Everyone in healthcare is experiencing change--for better or worse. Those
healthcare systems which will remain in the market are those which not only
look within their own organization/management for specific opportunities for
improvements in resource utilization and cost structure, but also
simultaneously and actively engage in a "benchmarking" process--comparing
one's specific management and results with those considered the "best of
breed" in the industry.
This article refers to a continuing analysis of
Medicare cost and discharge data on 3,575 acute-care hospitals prepared by
the HCIA Company, and the William M Mercer Company.
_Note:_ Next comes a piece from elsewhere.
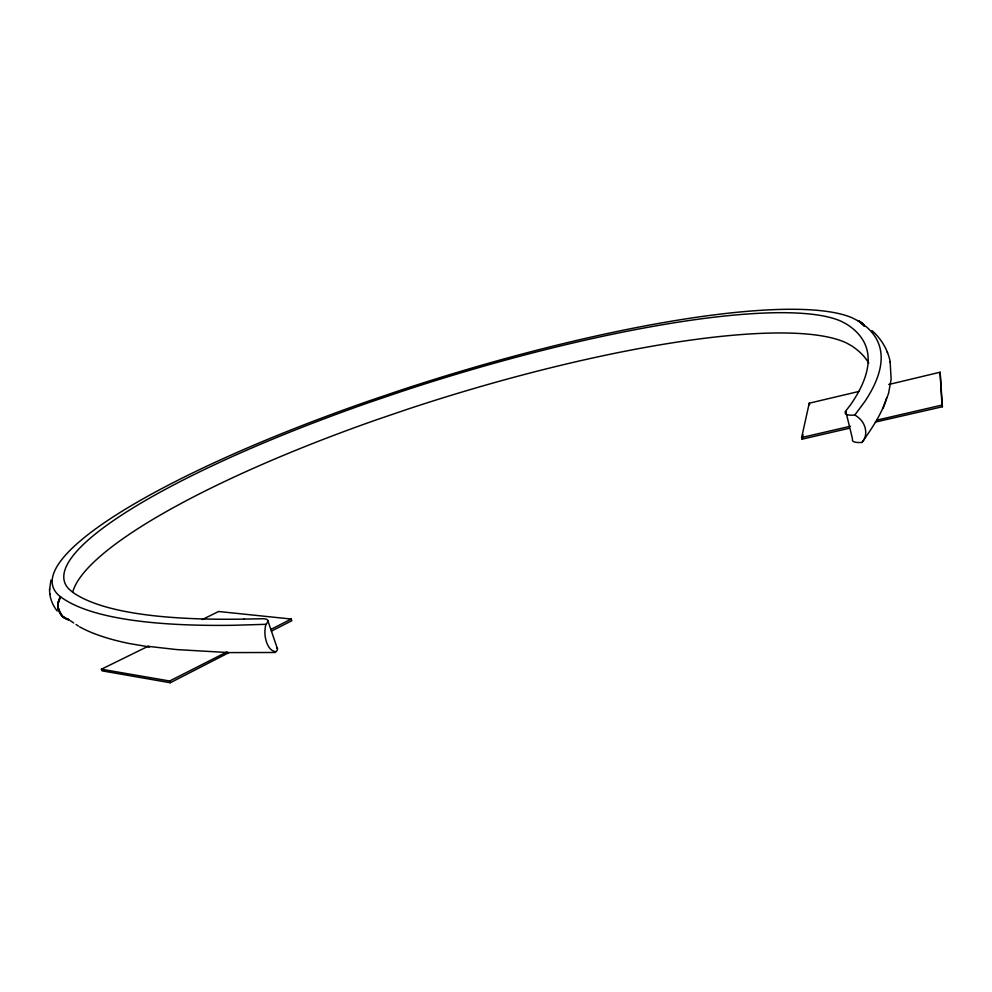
<?xml version="1.0" encoding="UTF-8"?>
<svg xmlns="http://www.w3.org/2000/svg" width="992" height="992" viewBox="0 0 992 992"><rect width="100%" height="100%" fill="white"/><g stroke="black" fill="none" stroke-linecap="round" stroke-linejoin="round"><path stroke-width="1.49" d="M58.429 601.946L60.202 597.258L57.92 604.277L57.995 605.194L58.305 601.846L58.044 606.819L57.883 605.095L57.871 605.914L59.136 611.444L62.918 616.664L69.08 619.901M49.637 589.645L50.914 580.072M58.305 601.846L58.069 603.508L58.206 602.702M244.032 619.107L261.553 618.76A23.262 5.828 -19.4 0 1 266.6 623.522L265.546 625.754A18.997 10.59 82.2 0 0 265.162 628.618C263.835 636.529 267.307 651.496 276.21 651.67A23.176 6.175 -19.6 0 0 276.582 647.516M849.264 428.271L802.082 439.158L803.074 434.67M802.082 439.158L801.635 437.522L809.249 403.198L858.836 391.468M58.912 600.346L59.074 599.49L58.59 601.102M59.148 599.528L60.202 597.258M886.625 397.792C881.69 414.309 871.745 428.47 862.011 442.432L860.386 442.519A22.233 5.444 -14 0 1 852.512 439.369M883.054 408.394L888.596 393.204L891.126 379.279L890.134 361.733M59.855 598.027L59.545 598.808L60.524 596.75A427.254 84.506 -17.3 0 1 369.123 400.892L402.169 389.695A427.267 84.518 -17.3 0 1 852.264 317.862L860.696 322.164L864.429 325.959L859.419 321.371M60.524 596.75L60.648 596.849A854.372 160.332 -15 0 0 233.182 625.295L265.794 624.315M852.438 438.662L845.841 411.531A22.308 5.134 -14.3 0 0 853.17 415.152L854.794 415.053L864.9 401.45A930.707 185.95 -20.2 0 0 866.388 326.864L857.671 320.627M845.296 411.643L850.987 404.166A913.694 182.02 -20.2 0 0 846.3 323.975L841.216 321.296A414.817 81.927 -17.3 0 0 403.36 390.885L371.082 401.81A414.792 81.914 -17.3 0 0 68.56 588.702L72.478 592.112A839.356 157.12 -15 0 0 244.044 619.095M862.011 442.432C868.62 435.19 865.842 423.224 858.427 417.632A17.199 14.347 51 0 0 856.121 415.834L854.794 415.053M228.966 652.6L176.774 649.586L148.031 646.325L101.407 669.216L102.002 670.84L170.264 682.744L228.966 652.6L275.416 652.488M270.804 629.449L291.239 619.033L291.809 620.707L271.386 631.135M101.407 669.216L169.644 681.008L226.994 651.918M202.256 619.554L218.6 611.506L291.239 619.033M888.758 384.499L940.106 372.223L942.4 406.757L875.353 422.084M801.635 437.522L850.293 426.275M876.779 420.162L941.978 405.083L940.106 372.223M148.738 646.821L129.406 643.548A852.041 170.054 -14.8 0 1 79.558 626.808M149.581 646.896L148.031 646.325M66.985 619.219L68.436 619.702L64.778 618.041L68.944 619.802L64.84 618.103L61.653 615.412L58.007 607.538L58.85 610.712M858.799 321.073L860.746 322.202M858.75 321.036L859.543 321.47M59.904 612.944C57.92 609.609 62.967 618.462 65.534 618.512M58.007 607.538L58.206 608.381L57.883 605.095M863.883 325.264L864.367 325.897M58.454 609.224L58.64 609.993L58.206 608.381M70.246 620.67L73.73 622.976M76.062 624.501L78.393 626.039M861.416 322.698L864.305 325.872M860.696 322.164L861.341 322.636M64.046 617.545L63.463 617.111L64.17 617.656M861.292 322.598L861.924 323.107M861.874 323.07L863.933 325.289L862.99 324.148M62.211 615.995L62.856 616.615M61.256 614.928L60.326 613.626L62.335 616.119M871.943 330.547C881.355 338.83 888.088 350.139 890.357 362.526M57.251 611.047C52.204 604.847 49.29 596.911 49.6 588.876M169.644 681.008L170.264 682.744M267.914 620.818L277.462 648.842M887.282 351.999L887.493 352.768M809.249 403.198L809.658 404.724M941.978 405.083L942.4 406.757M57.92 606.732L58.144 607.625M49.873 593.638L49.91 594.419M72.701 592.137A413.676 86.899 -17.3 0 1 376.799 419.69L408.989 408.729A413.701 86.912 -17.3 0 1 846.97 343.22L852.091 346.146A910.036 192.783 -20.4 0 1 868.781 363.146"/></g></svg>

The analysis reviews 8
measures of clinical, operational and financial performance in 5 categories
of hospitals, from which 100 were selected as "best". The standards by
which these hospitals were judged were based on:
- Financial
management--Expense per adjusted discharge; Change in equity; Return on
capital assets;
- Operations--Average length of stay; Index of outpatient
revenues compared with the previous year; and,
- Clinical
Practices--Risk-adjusted Mortality; and Risk-adjusted Complication.
In
addition to reading this summary of the HCIA/Mercer Report, an extensive
abstract is available via the Internet and entitled "100 Top Hospitals:
Benchmarks for Success"
(Go there: http://www.hcia.com/newsletters/100top/intro.shtml)
Even a brief review of this information will prove to be useful to all
practitioners today, who, even if only in self defense, need to be aware of
the kinds of changes occurring in those medical centers considered
"successful" in today's medicoeconomic environment.